About this exercise: Exactly how many lines in this data contain the word "VariableStepAuto"? Only the number should be given.

---------- Supplied data ----------

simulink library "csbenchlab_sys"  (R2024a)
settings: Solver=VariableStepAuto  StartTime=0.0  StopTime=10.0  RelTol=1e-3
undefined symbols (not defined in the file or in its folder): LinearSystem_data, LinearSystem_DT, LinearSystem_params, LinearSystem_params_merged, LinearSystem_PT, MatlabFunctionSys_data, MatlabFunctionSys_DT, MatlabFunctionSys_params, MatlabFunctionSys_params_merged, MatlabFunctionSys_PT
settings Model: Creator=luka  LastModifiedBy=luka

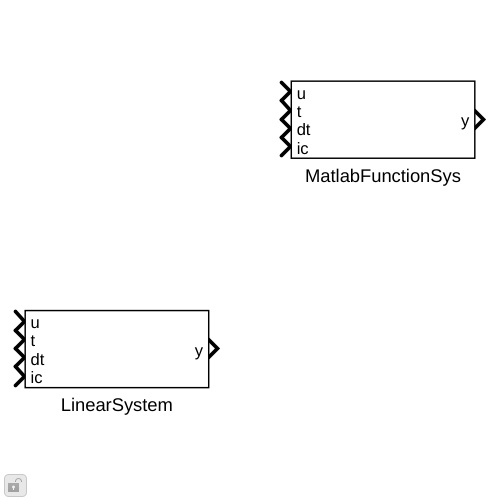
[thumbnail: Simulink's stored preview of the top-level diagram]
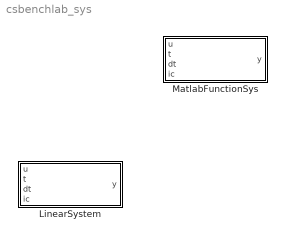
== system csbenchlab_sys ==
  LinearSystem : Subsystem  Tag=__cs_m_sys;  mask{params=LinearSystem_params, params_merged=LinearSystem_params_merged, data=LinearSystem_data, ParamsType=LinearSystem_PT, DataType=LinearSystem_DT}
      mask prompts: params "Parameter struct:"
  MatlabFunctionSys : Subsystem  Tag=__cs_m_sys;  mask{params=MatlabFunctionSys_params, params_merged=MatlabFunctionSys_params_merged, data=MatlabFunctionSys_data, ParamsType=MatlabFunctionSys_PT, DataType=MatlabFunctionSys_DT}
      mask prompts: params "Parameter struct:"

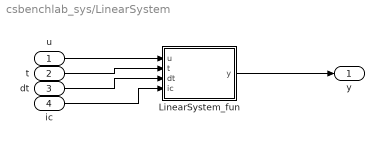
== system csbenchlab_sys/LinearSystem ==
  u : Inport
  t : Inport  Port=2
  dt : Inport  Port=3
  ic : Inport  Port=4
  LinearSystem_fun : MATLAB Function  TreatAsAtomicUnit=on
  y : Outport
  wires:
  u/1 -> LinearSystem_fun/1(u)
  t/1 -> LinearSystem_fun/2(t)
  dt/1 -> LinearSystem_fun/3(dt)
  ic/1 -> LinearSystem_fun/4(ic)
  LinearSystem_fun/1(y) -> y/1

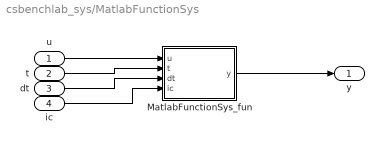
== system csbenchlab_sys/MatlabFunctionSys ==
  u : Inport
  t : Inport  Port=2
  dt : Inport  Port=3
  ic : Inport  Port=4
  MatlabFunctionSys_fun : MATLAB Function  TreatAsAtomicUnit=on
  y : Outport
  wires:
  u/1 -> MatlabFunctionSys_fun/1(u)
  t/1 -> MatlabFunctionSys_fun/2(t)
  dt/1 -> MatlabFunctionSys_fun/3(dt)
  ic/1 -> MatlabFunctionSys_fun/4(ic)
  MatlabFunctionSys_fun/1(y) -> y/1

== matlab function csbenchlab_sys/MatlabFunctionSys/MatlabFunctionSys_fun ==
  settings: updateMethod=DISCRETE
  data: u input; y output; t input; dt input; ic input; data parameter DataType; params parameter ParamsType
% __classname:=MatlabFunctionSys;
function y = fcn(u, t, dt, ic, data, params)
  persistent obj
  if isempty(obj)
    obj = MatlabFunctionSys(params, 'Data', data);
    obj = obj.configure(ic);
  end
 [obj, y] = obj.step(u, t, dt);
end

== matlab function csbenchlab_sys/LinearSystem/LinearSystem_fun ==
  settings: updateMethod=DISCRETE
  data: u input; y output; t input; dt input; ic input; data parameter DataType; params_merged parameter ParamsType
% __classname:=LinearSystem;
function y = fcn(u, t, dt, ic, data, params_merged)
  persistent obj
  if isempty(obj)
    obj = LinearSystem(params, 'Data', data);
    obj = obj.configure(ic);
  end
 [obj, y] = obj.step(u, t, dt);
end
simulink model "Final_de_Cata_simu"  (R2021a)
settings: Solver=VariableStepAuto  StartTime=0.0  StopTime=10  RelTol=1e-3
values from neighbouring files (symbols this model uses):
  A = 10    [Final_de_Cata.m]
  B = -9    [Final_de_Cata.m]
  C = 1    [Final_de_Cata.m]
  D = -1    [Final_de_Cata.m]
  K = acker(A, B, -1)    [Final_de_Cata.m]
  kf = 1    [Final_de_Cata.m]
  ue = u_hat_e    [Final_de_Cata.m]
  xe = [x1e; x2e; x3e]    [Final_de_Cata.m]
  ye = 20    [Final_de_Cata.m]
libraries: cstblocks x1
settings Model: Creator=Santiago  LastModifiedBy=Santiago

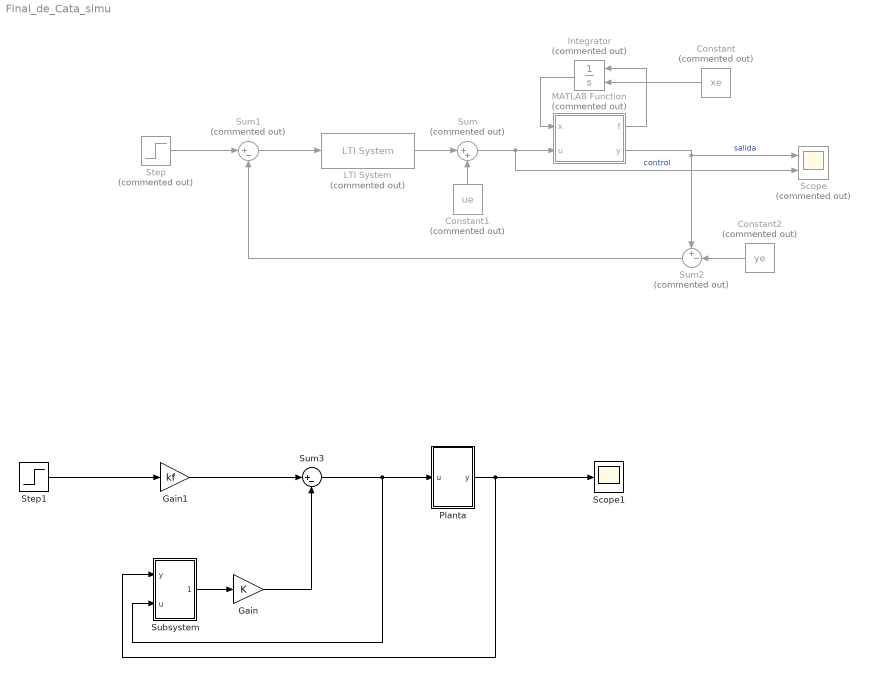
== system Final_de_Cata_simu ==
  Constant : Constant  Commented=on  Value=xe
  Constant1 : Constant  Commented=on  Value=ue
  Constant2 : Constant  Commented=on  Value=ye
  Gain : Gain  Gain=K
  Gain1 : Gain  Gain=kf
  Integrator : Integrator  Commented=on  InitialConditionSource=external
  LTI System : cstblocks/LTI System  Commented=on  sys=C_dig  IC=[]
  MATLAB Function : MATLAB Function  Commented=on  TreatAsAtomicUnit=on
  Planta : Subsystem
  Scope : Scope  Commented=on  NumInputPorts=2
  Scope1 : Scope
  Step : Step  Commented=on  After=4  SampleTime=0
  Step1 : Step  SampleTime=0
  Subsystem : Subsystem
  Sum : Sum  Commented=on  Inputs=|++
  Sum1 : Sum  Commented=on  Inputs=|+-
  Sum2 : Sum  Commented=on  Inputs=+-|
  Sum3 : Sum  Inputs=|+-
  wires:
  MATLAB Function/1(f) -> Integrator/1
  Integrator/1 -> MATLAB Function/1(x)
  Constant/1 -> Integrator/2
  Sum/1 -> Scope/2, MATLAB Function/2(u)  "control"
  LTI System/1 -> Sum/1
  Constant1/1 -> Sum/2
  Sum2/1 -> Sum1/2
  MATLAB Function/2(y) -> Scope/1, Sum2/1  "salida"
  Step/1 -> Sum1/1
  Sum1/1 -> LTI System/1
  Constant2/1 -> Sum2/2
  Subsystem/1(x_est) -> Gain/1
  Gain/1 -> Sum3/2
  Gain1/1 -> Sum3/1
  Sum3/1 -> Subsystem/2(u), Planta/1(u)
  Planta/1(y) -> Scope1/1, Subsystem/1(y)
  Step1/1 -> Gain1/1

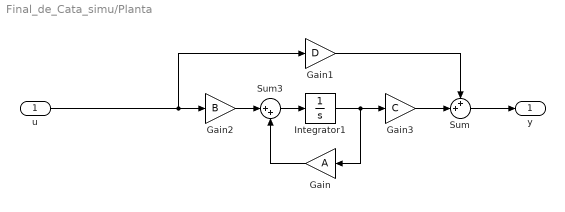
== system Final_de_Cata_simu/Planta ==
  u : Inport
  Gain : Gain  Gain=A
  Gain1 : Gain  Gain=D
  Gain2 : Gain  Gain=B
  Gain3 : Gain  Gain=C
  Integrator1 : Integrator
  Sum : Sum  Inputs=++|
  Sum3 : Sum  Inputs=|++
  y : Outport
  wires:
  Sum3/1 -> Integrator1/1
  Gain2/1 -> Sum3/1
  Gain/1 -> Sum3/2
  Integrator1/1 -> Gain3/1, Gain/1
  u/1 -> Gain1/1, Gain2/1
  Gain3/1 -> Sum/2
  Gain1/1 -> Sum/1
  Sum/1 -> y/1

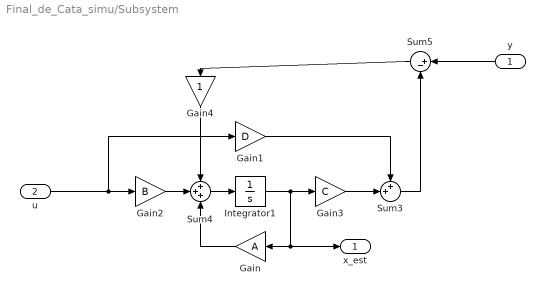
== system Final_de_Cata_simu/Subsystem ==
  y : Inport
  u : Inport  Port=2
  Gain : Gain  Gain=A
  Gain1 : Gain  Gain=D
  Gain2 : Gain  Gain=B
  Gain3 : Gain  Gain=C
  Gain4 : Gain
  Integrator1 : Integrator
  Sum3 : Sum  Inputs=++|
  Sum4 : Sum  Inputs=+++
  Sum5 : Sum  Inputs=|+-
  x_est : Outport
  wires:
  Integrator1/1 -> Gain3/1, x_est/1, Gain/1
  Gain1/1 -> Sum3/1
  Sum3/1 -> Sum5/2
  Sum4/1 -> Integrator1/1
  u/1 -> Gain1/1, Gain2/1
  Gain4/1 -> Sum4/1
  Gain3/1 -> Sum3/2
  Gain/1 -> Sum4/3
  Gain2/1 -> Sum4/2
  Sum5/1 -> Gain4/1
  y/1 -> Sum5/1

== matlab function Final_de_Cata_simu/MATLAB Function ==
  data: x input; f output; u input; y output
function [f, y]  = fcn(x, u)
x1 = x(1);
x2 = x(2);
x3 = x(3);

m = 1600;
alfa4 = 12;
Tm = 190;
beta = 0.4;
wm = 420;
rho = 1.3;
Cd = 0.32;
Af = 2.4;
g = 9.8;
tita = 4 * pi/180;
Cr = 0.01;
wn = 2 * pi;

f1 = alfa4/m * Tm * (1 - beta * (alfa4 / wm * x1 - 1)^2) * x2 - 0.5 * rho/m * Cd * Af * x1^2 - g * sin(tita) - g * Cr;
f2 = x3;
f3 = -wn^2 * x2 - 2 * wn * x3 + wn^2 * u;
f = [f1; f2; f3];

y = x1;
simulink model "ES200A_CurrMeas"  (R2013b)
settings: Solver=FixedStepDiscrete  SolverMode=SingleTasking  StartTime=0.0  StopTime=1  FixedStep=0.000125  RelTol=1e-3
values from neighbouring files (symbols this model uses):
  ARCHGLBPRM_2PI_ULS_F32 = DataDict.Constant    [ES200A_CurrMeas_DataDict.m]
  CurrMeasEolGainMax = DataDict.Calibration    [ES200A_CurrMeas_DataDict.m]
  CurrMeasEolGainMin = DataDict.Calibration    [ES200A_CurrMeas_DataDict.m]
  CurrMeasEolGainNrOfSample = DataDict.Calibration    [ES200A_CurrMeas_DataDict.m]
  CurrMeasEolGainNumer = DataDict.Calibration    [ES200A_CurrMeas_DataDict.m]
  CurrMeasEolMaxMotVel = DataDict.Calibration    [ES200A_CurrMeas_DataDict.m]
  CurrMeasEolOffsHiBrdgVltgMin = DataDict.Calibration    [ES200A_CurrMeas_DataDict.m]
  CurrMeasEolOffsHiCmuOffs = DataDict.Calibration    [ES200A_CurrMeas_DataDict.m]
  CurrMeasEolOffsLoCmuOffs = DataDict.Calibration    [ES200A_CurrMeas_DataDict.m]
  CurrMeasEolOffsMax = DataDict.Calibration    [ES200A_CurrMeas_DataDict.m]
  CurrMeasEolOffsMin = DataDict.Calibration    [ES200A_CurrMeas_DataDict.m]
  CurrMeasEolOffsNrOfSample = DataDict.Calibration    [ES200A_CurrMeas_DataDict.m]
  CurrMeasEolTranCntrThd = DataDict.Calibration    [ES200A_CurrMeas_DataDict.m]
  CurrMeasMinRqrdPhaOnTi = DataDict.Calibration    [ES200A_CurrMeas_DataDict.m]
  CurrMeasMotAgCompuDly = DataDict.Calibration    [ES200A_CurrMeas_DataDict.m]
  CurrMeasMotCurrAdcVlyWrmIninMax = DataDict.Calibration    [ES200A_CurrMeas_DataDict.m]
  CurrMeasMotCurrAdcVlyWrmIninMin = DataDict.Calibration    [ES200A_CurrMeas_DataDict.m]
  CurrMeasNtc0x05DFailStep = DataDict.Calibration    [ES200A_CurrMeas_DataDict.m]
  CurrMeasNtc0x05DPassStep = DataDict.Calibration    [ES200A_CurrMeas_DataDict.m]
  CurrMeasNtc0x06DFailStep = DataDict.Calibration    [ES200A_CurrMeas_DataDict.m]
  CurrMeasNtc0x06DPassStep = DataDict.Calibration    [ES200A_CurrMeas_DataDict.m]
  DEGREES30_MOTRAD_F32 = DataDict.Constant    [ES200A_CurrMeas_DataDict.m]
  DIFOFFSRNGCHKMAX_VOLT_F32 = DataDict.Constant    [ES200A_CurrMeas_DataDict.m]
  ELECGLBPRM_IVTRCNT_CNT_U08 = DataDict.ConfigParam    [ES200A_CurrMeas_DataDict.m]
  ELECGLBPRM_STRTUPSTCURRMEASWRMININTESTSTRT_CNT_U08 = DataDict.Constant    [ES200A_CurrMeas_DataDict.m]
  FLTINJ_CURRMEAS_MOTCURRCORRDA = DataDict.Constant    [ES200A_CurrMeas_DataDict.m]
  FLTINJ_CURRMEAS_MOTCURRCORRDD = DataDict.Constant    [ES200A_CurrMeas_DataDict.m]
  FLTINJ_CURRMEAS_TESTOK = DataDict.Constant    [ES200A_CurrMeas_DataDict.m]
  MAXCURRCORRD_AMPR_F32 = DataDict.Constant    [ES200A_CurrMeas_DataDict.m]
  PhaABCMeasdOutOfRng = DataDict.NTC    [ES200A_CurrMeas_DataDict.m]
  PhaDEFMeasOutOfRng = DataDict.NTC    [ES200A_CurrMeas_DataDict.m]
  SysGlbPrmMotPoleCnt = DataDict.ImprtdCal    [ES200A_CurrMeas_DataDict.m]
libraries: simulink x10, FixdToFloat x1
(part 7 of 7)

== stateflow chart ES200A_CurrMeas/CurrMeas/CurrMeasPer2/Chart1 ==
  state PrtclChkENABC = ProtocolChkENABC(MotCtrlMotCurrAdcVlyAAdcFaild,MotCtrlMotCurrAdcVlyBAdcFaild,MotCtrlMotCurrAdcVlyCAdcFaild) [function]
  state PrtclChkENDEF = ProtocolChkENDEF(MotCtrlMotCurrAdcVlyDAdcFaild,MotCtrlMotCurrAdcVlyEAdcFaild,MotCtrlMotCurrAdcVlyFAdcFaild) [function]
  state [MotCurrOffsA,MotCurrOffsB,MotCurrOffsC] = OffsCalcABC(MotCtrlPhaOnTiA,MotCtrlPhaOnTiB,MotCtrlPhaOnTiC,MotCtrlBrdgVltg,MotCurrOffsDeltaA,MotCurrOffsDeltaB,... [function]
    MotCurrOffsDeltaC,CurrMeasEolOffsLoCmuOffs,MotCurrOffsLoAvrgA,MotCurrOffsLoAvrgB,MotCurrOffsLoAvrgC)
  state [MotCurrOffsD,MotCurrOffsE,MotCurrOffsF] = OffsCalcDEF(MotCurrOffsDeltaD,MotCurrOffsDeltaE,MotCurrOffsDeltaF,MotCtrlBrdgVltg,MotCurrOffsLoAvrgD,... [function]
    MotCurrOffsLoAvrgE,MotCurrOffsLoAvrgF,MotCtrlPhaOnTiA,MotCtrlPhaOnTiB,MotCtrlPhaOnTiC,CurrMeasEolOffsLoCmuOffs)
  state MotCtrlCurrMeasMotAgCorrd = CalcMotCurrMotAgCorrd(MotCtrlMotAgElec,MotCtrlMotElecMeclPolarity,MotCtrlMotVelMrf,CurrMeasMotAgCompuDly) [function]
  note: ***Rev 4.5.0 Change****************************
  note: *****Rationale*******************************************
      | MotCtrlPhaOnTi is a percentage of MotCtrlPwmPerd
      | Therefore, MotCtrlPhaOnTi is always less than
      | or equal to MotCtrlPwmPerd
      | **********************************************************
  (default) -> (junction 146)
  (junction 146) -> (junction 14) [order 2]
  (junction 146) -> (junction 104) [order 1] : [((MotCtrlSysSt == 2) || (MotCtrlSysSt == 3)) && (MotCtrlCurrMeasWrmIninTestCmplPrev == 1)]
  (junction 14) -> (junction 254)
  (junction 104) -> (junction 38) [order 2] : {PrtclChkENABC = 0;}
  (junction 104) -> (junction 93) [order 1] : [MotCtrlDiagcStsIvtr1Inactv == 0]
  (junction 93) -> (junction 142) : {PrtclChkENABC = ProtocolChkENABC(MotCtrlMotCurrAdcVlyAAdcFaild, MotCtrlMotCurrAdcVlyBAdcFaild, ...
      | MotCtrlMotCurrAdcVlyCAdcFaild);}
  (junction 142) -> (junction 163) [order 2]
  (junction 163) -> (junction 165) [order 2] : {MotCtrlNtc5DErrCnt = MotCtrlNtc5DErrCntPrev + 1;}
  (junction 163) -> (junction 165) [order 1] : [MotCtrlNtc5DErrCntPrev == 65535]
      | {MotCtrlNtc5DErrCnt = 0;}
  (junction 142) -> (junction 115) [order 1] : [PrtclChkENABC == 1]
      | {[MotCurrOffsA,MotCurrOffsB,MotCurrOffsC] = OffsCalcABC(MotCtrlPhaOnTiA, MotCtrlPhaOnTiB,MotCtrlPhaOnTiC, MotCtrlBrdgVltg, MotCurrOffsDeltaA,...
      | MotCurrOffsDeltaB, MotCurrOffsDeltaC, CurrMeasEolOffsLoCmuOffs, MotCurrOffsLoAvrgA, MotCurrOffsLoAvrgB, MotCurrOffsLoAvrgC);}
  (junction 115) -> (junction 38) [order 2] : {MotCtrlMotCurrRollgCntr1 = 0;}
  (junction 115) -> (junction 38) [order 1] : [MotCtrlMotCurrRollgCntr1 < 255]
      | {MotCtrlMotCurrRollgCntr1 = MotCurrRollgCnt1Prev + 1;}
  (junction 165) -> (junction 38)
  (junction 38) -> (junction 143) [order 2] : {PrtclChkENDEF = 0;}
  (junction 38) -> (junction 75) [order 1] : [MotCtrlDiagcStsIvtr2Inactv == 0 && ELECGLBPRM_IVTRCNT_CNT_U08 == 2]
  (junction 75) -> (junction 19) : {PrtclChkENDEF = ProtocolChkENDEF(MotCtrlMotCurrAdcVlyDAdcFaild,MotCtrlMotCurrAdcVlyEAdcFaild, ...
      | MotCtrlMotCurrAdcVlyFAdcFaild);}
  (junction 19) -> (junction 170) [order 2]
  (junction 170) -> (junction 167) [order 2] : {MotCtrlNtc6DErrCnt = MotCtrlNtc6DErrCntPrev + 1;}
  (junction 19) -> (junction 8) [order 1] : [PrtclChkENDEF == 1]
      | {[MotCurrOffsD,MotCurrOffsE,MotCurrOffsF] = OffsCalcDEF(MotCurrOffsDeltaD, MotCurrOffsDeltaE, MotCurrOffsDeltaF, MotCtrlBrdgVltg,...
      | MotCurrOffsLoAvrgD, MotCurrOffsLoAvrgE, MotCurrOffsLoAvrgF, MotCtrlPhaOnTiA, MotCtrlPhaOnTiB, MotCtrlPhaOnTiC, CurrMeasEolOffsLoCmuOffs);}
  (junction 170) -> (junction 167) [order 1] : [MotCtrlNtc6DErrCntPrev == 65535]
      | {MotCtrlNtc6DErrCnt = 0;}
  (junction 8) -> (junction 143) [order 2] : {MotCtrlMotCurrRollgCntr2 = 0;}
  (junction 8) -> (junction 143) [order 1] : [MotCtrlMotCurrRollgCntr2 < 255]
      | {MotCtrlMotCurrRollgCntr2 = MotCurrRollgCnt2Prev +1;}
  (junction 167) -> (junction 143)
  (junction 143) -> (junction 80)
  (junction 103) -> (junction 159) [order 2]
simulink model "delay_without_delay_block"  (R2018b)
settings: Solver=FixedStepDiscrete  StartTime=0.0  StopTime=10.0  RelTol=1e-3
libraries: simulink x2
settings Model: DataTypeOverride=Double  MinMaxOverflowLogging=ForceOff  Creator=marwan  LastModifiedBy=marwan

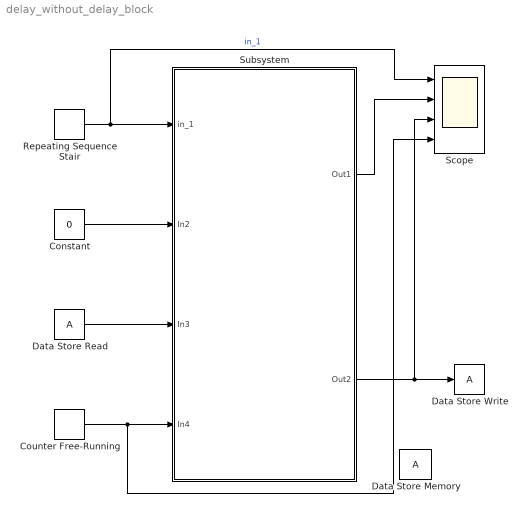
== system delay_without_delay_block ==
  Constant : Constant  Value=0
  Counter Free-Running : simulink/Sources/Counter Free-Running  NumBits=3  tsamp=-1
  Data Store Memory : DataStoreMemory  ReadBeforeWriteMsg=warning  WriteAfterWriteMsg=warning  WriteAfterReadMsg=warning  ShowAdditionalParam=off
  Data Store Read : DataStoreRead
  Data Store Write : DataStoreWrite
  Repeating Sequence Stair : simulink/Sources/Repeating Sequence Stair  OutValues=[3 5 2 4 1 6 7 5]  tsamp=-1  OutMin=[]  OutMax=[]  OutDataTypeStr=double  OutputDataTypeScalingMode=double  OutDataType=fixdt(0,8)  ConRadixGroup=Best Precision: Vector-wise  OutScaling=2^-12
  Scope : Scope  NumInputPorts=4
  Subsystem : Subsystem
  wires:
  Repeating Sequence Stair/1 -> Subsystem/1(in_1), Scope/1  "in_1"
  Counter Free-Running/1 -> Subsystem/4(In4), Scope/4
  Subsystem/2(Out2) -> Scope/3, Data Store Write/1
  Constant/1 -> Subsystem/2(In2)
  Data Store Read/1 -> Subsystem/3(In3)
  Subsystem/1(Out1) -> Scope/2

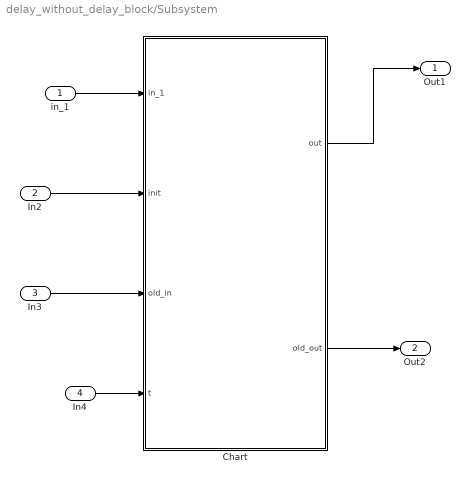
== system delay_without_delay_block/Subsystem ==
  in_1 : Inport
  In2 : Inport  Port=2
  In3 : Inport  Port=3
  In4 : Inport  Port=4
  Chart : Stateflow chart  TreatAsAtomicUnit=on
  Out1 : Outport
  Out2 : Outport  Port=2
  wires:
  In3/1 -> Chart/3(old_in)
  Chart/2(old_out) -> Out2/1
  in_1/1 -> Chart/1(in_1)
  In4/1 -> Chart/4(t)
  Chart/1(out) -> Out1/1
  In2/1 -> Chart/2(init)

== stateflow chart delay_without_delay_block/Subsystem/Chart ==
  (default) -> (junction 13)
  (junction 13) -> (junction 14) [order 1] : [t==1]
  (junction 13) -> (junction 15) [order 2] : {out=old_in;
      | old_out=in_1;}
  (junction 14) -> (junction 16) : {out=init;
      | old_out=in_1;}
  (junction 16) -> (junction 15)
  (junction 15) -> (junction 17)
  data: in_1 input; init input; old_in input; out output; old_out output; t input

----------

Task solution: 2